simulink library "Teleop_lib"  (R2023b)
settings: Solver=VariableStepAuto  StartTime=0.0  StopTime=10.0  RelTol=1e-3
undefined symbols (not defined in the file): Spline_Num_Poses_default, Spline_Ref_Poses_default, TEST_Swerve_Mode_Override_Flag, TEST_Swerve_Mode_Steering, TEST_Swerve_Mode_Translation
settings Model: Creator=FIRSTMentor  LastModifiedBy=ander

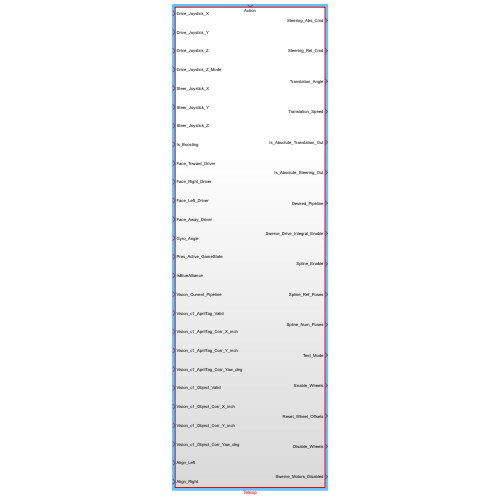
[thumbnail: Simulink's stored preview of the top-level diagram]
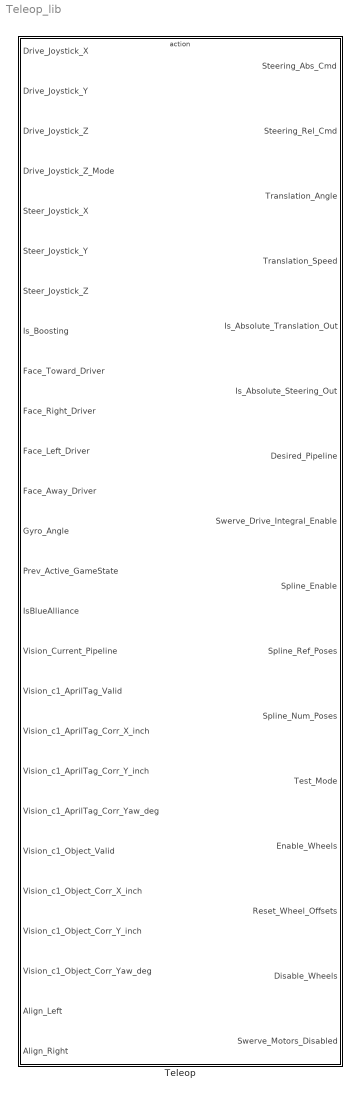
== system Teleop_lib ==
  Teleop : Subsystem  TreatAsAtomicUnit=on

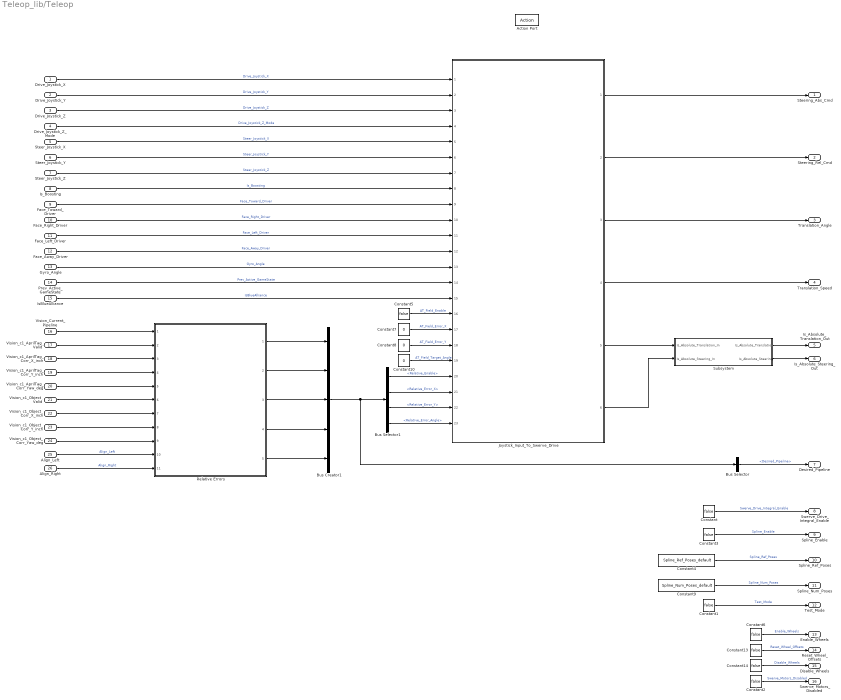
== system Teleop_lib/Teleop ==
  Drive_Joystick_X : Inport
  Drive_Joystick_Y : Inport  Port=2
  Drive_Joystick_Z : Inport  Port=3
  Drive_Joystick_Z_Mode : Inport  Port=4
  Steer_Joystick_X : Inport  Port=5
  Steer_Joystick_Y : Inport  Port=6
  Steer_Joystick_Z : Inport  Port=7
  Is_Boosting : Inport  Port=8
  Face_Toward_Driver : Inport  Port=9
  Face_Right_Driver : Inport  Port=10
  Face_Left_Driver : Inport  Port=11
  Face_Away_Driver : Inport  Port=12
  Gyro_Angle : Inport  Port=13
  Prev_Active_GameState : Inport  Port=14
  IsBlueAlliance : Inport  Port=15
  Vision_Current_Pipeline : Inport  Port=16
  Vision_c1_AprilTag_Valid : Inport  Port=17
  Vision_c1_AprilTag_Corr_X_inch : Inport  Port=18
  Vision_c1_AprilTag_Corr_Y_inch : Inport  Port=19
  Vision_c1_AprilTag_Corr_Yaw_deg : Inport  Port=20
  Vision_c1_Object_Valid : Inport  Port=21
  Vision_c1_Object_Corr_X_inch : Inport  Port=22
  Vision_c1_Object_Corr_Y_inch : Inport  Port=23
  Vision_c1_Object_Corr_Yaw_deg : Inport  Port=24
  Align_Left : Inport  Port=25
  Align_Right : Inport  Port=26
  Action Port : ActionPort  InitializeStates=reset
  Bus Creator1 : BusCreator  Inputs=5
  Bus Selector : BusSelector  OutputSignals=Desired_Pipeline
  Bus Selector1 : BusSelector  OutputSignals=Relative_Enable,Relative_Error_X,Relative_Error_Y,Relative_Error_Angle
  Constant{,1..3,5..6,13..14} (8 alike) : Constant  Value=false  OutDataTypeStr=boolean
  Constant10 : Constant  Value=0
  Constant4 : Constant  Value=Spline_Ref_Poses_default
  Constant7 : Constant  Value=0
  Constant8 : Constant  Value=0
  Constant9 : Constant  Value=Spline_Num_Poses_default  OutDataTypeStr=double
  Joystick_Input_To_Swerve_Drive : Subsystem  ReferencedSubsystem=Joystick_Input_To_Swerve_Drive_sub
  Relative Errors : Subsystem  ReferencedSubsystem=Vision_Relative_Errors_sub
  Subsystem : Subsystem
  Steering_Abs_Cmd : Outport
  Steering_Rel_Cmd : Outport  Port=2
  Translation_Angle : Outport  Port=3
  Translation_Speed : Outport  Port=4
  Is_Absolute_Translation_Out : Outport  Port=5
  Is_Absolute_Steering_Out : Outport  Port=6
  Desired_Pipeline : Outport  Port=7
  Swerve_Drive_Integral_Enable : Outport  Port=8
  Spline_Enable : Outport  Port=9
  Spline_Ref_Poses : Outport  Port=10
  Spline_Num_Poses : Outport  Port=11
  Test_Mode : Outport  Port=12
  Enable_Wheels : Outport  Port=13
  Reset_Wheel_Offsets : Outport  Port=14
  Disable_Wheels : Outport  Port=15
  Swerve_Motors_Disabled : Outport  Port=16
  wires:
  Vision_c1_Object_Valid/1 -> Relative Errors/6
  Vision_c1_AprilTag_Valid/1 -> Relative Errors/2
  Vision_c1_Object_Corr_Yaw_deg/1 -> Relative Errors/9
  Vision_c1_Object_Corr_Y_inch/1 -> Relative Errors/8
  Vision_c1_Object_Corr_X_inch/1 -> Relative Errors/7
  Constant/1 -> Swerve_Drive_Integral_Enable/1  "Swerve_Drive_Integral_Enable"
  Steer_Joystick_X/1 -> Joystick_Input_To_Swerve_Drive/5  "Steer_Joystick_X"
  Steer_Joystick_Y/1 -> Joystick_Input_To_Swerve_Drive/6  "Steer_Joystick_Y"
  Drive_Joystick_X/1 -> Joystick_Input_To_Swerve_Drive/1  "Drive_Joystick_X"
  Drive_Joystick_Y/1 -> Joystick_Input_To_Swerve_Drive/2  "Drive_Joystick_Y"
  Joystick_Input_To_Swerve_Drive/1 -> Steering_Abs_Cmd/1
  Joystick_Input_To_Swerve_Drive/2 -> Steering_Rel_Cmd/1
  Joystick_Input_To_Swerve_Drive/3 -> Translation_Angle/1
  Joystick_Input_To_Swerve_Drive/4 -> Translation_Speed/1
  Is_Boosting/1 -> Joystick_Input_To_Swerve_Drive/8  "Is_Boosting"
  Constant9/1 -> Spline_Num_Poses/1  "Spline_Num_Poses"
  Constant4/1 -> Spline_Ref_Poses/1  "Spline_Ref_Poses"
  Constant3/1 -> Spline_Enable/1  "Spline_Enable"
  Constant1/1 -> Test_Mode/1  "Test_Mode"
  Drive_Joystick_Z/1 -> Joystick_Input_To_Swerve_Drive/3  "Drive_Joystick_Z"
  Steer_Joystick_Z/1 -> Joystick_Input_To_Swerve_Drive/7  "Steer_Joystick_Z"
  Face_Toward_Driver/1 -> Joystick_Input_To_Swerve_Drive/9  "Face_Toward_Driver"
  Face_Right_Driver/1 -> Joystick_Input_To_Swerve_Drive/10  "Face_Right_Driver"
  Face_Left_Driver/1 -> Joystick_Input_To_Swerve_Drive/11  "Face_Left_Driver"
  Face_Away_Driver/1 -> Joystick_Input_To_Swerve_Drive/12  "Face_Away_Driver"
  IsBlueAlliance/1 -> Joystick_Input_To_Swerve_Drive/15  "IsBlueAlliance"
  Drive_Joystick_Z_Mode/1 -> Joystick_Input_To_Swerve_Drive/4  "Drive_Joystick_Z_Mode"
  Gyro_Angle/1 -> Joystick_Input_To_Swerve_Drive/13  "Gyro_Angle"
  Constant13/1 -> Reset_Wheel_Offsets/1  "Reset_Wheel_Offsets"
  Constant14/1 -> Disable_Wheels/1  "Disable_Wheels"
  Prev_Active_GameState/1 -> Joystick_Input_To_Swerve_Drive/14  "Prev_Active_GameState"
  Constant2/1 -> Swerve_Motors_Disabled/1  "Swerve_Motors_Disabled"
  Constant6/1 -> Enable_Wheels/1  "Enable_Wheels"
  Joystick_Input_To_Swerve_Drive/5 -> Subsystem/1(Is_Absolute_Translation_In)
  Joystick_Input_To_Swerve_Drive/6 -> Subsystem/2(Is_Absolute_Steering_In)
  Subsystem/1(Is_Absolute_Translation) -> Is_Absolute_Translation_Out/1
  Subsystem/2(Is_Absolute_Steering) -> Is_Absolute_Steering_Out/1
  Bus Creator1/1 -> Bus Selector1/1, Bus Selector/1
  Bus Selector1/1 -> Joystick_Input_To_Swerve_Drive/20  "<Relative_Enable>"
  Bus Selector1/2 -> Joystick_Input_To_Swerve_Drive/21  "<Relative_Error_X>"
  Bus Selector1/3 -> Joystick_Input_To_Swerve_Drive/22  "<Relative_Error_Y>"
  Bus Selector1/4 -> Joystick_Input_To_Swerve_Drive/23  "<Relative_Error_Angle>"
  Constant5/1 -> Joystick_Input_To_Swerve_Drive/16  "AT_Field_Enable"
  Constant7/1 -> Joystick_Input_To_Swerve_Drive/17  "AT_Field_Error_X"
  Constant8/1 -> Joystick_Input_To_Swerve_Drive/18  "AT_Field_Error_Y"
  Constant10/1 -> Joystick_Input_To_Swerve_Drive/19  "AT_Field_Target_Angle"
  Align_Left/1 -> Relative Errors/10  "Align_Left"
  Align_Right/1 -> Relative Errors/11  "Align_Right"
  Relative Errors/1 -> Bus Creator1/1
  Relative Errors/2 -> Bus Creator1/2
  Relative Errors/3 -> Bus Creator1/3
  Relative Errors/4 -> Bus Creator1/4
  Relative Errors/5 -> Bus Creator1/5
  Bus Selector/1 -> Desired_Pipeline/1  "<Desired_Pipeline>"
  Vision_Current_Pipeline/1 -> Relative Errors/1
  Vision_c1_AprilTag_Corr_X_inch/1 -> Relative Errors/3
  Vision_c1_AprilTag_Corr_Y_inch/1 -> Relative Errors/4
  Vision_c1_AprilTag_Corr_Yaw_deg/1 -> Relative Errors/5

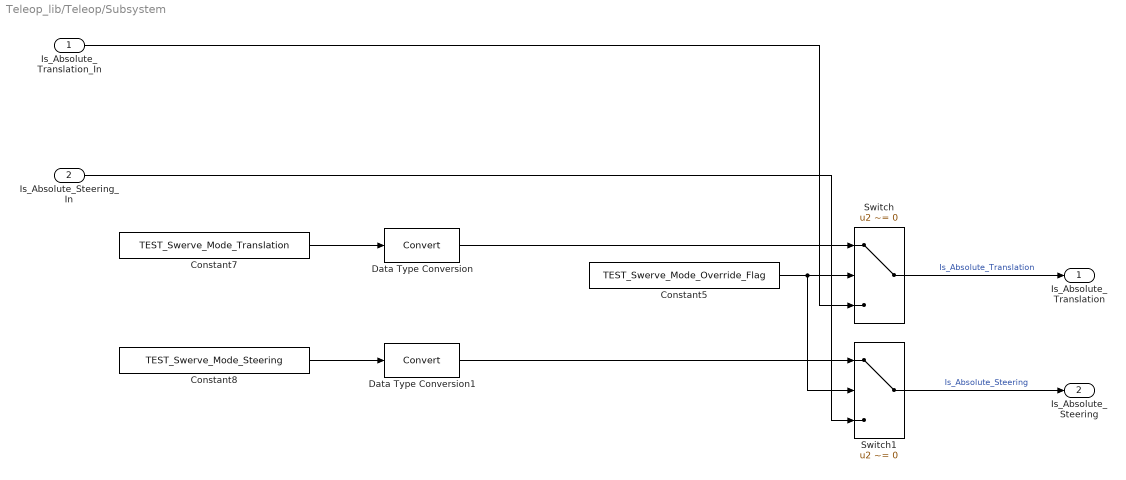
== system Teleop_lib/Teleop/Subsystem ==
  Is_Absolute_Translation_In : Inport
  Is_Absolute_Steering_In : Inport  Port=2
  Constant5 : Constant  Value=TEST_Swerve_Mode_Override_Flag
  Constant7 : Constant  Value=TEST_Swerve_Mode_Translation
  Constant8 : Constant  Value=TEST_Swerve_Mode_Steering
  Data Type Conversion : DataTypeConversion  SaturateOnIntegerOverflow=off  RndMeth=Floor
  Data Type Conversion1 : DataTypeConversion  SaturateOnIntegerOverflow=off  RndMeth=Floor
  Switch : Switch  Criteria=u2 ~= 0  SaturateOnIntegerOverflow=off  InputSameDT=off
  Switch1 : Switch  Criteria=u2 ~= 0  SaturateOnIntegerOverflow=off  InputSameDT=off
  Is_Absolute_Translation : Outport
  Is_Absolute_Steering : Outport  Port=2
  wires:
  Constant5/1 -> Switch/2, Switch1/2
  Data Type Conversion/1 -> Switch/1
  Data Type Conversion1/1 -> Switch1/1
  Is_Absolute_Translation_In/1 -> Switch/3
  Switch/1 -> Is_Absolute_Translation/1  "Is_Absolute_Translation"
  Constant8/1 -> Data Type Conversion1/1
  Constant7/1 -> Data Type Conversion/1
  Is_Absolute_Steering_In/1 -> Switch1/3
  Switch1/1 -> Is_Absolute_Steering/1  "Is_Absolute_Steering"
------
Requirement: Skip the pictures and quote each line of the entries above, from the first through the line with "Action Port : ActionPort", exactly as it appears.

Exercise response:
simulink library "Teleop_lib"  (R2023b)
settings: Solver=VariableStepAuto  StartTime=0.0  StopTime=10.0  RelTol=1e-3
undefined symbols (not defined in the file): Spline_Num_Poses_default, Spline_Ref_Poses_default, TEST_Swerve_Mode_Override_Flag, TEST_Swerve_Mode_Steering, TEST_Swerve_Mode_Translation
settings Model: Creator=FIRSTMentor  LastModifiedBy=ander

[thumbnail: Simulink's stored preview of the top-level diagram]
== system Teleop_lib ==
  Teleop : Subsystem  TreatAsAtomicUnit=on

== system Teleop_lib/Teleop ==
  Drive_Joystick_X : Inport
  Drive_Joystick_Y : Inport  Port=2
  Drive_Joystick_Z : Inport  Port=3
  Drive_Joystick_Z_Mode : Inport  Port=4
  Steer_Joystick_X : Inport  Port=5
  Steer_Joystick_Y : Inport  Port=6
  Steer_Joystick_Z : Inport  Port=7
  Is_Boosting : Inport  Port=8
  Face_Toward_Driver : Inport  Port=9
  Face_Right_Driver : Inport  Port=10
  Face_Left_Driver : Inport  Port=11
  Face_Away_Driver : Inport  Port=12
  Gyro_Angle : Inport  Port=13
  Prev_Active_GameState : Inport  Port=14
  IsBlueAlliance : Inport  Port=15
  Vision_Current_Pipeline : Inport  Port=16
  Vision_c1_AprilTag_Valid : Inport  Port=17
  Vision_c1_AprilTag_Corr_X_inch : Inport  Port=18
  Vision_c1_AprilTag_Corr_Y_inch : Inport  Port=19
  Vision_c1_AprilTag_Corr_Yaw_deg : Inport  Port=20
  Vision_c1_Object_Valid : Inport  Port=21
  Vision_c1_Object_Corr_X_inch : Inport  Port=22
  Vision_c1_Object_Corr_Y_inch : Inport  Port=23
  Vision_c1_Object_Corr_Yaw_deg : Inport  Port=24
  Align_Left : Inport  Port=25
  Align_Right : Inport  Port=26
  Action Port : ActionPort  InitializeStates=reset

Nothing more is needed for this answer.